Awoke this morning and saw the .NET Core 3.0 Preview announcement.
Download available from github releases.
C# 8.0
Run dotnet --list-sdks
:
1.1.11 [/usr/local/share/dotnet/sdk]
2.0.0 [/usr/local/share/dotnet/sdk]
2.1.4 [/usr/local/share/dotnet/sdk]
2.1.301 [/usr/local/share/dotnet/sdk]
2.1.302 [/usr/local/share/dotnet/sdk]
3.0.100-preview-009812 [/usr/local/share/dotnet/sdk]
To use C# 8, in a project file:
<PropertyGroup>
<LangVersion>8.0</LangVersion>
</PropertyGroup>
dotnet build
:
/usr/local/share/dotnet/sdk/3.0.100-preview-009812/Sdks/Microsoft.NET.Sdk/targets/Microsoft.PackageDependencyResolution.targets(220,5): error MSB4018: The "ResolvePackageAssets" task failed unexpectedly. [/XXX/zxy/tests/tests.csproj]

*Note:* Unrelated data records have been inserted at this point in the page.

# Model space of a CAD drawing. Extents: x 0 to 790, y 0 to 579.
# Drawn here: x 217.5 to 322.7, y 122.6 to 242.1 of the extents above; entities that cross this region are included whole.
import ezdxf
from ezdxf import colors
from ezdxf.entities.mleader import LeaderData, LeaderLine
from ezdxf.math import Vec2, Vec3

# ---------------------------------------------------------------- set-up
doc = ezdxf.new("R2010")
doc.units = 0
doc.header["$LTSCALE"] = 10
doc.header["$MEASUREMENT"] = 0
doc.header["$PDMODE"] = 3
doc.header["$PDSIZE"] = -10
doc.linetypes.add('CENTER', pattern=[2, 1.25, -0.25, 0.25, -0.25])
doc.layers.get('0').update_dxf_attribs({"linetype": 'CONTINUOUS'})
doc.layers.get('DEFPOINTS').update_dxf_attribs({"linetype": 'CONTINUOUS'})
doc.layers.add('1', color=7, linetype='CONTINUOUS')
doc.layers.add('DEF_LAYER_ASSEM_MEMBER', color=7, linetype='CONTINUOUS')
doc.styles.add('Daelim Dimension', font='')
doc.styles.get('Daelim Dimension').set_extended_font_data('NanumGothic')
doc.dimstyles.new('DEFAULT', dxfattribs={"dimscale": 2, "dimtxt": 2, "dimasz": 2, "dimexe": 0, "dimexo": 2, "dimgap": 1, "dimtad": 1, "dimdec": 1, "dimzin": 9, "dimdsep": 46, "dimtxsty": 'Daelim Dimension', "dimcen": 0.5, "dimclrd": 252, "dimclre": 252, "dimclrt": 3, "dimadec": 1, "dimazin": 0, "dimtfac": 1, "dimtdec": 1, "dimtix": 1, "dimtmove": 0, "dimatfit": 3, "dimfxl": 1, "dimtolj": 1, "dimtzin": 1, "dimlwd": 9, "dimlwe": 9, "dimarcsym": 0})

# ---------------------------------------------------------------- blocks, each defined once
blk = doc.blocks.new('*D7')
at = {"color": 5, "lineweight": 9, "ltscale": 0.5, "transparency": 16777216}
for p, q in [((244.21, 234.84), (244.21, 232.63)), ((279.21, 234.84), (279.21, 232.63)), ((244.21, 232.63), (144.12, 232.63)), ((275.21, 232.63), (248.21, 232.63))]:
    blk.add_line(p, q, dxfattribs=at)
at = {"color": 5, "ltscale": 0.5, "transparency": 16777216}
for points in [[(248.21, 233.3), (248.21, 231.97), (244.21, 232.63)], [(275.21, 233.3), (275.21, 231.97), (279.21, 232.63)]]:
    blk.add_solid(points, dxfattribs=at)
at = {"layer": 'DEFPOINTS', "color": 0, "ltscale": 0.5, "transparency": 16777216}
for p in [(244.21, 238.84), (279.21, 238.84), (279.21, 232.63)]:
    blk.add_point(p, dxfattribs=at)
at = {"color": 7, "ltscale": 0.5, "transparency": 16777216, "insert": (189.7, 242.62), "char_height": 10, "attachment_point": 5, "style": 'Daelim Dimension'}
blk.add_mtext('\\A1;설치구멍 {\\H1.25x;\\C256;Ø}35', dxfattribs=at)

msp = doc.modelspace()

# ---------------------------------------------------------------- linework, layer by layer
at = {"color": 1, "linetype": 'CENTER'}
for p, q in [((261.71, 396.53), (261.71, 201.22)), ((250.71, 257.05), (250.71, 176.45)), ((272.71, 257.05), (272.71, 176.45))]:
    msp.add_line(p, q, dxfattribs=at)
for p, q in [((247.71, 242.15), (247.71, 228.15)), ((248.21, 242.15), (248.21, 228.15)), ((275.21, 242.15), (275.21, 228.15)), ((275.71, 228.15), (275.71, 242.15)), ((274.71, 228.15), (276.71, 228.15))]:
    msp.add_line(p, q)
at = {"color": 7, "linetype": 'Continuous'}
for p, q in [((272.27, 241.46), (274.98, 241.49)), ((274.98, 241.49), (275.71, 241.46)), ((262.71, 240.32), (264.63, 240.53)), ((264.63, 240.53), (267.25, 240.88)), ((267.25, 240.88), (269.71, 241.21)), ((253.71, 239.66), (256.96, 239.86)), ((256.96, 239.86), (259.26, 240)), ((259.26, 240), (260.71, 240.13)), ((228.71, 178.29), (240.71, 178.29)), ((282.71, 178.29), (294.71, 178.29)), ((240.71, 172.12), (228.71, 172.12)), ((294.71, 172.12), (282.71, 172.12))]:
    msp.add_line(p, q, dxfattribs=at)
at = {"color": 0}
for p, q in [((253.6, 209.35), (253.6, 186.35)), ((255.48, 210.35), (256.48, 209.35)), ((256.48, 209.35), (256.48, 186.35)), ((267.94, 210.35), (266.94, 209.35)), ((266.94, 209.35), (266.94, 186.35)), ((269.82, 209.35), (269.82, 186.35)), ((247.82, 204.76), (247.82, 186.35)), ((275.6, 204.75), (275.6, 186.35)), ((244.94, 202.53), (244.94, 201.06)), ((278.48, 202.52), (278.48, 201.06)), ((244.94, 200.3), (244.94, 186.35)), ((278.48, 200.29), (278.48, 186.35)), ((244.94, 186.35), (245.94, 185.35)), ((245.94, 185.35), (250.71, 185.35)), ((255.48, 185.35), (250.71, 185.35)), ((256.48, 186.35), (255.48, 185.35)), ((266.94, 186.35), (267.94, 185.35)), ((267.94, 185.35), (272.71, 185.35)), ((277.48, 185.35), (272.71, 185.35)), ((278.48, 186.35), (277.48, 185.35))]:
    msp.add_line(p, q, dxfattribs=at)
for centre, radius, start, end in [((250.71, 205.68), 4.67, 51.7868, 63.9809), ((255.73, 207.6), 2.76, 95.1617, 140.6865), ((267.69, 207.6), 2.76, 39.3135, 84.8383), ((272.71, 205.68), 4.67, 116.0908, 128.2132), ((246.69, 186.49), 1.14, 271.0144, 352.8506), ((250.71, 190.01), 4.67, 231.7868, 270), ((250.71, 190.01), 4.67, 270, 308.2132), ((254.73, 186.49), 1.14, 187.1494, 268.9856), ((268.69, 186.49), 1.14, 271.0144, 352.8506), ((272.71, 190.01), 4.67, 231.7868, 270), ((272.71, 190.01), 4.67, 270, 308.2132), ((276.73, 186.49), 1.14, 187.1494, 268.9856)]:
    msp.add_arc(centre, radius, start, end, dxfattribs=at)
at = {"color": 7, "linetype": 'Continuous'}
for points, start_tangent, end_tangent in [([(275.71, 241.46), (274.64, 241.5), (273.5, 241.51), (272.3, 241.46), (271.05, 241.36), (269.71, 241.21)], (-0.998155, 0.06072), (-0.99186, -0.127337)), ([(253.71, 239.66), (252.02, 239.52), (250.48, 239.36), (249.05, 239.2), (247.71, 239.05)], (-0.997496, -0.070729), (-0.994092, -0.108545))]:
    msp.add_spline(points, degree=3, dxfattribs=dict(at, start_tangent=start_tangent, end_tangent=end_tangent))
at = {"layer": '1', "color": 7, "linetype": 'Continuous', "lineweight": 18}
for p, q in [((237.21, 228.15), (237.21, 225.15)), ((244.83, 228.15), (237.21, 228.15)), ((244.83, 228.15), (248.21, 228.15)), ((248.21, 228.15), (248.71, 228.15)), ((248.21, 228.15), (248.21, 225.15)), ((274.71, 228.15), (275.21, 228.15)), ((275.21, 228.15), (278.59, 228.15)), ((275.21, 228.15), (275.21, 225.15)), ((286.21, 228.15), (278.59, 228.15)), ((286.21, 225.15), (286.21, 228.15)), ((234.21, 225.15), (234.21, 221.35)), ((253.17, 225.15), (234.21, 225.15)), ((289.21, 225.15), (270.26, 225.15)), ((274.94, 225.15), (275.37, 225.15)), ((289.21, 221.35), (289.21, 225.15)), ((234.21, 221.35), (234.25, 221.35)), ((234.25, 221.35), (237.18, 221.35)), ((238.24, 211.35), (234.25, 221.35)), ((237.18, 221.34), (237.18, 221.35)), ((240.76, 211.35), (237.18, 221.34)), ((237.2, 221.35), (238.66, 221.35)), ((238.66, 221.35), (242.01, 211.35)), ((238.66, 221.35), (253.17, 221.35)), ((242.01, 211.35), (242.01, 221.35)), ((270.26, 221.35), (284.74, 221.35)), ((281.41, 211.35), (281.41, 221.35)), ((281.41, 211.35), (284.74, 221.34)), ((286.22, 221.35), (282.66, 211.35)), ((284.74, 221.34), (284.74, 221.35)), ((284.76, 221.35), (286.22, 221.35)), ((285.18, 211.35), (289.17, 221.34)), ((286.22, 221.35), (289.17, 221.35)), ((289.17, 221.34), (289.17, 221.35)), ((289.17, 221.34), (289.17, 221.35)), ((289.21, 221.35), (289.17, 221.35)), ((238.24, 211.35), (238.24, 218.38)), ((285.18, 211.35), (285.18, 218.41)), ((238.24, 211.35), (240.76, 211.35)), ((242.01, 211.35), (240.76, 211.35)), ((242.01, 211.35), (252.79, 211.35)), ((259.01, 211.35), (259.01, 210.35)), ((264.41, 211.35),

/usr/local/share/dotnet/sdk/3.0.100-preview-009812/Sdks/Microsoft.NET.Sdk/targets/Microsoft.PackageDependencyResolution.targets(220,5): error MSB4018: System.IO.InvalidDataException: Found invalid data while decoding. [/XXX/zxy/tests/tests.csproj]
dotnet clean
followed by another dotnet build
fixed this.
dotnet test
and everything seems good so far.
Nullable Reference Types
The feature I’ve been most interested in is “nullable reference types”, a compile-time check to avoid dereferencing null
at run-time. I’ve been using the Nullable Reference Types Preview, and the idea is the compiler generates warnings and you choose to ignore them (tsk tsk) or turn them into errors:
<PropertyGroup>
<MSBuildTreatWarningsAsErrors>true</MSBuildTreatWarningsAsErrors>
<TreatWarningsAsErrors>true</TreatWarningsAsErrors>
</PropertyGroup>
In the first preview the warnings were on by default, but according to that wiki you now need to opt-in with [module: System.Runtime.CompilerServices.NonNullTypes]
in each project. Added that to a project and fail:
Program.cs(8,10): error CS8636: Explicit application of 'System.Runtime.CompilerServices.NonNullTypesAttribute' is not allowed. [/XXX/zxy/zxy0/zxy0.csproj]
Opened up that assembly and it doesn’t even contain NonNullTypesAttribute
. Luckily, open-source comes to the rescue because this issue shows what changed:
#nullable enable
namespace Test
{
class Program
{
static void Main(string[] args)
{
string test = null; // line 8
System.Console.WriteLine(test.Length);
}
}
}
Update:
Per this SO, can be enabled for an entire project via:
<PropertyGroup>
<NullableReferenceTypes>true</NullableReferenceTypes>
<LangVersion>8.0</LangVersion>
</PropertyGroup>
dotnet build
:
Program.cs(10,27): error CS8600: Converting null literal or possible null value to non-nullable type. [/XXX/junk/junk.csproj]
Program.cs(11,31): error CS8602: Possible dereference of a null reference. [/XXX/junk/junk.csproj]
No assigning null
to a type that shouldn’t be null. Nice. Change line 8 to:
string? test = null;
And it still fails with:
Program.cs(9,38): error CS8602: Possible dereference of a null reference. [/Users/jake/projects/junk/junk.csproj]
string?
might be null, but add a check and it compiles:
string? test = null;
if (test != null)
System.Console.WriteLine(test.Length);
Unfortunately, this is a compiler heuristic/lint instead of a gurantee provided by the type system like option
in F#, Rust, etc. The compiler doesn’t fail this:
static string test = null;
static void Main(string[] args)
{
System.Console.WriteLine(test.Length);
}
Hopefully they’ll keep making improvements.
Visual Studio
To try this out in VS you need the Visual Studio 2019 Preview.
Right-click a project and select Properties > Build and:
- In Treat warnings as errors select All
- Click Advanced… and for Language Version select C# 8.0 (beta).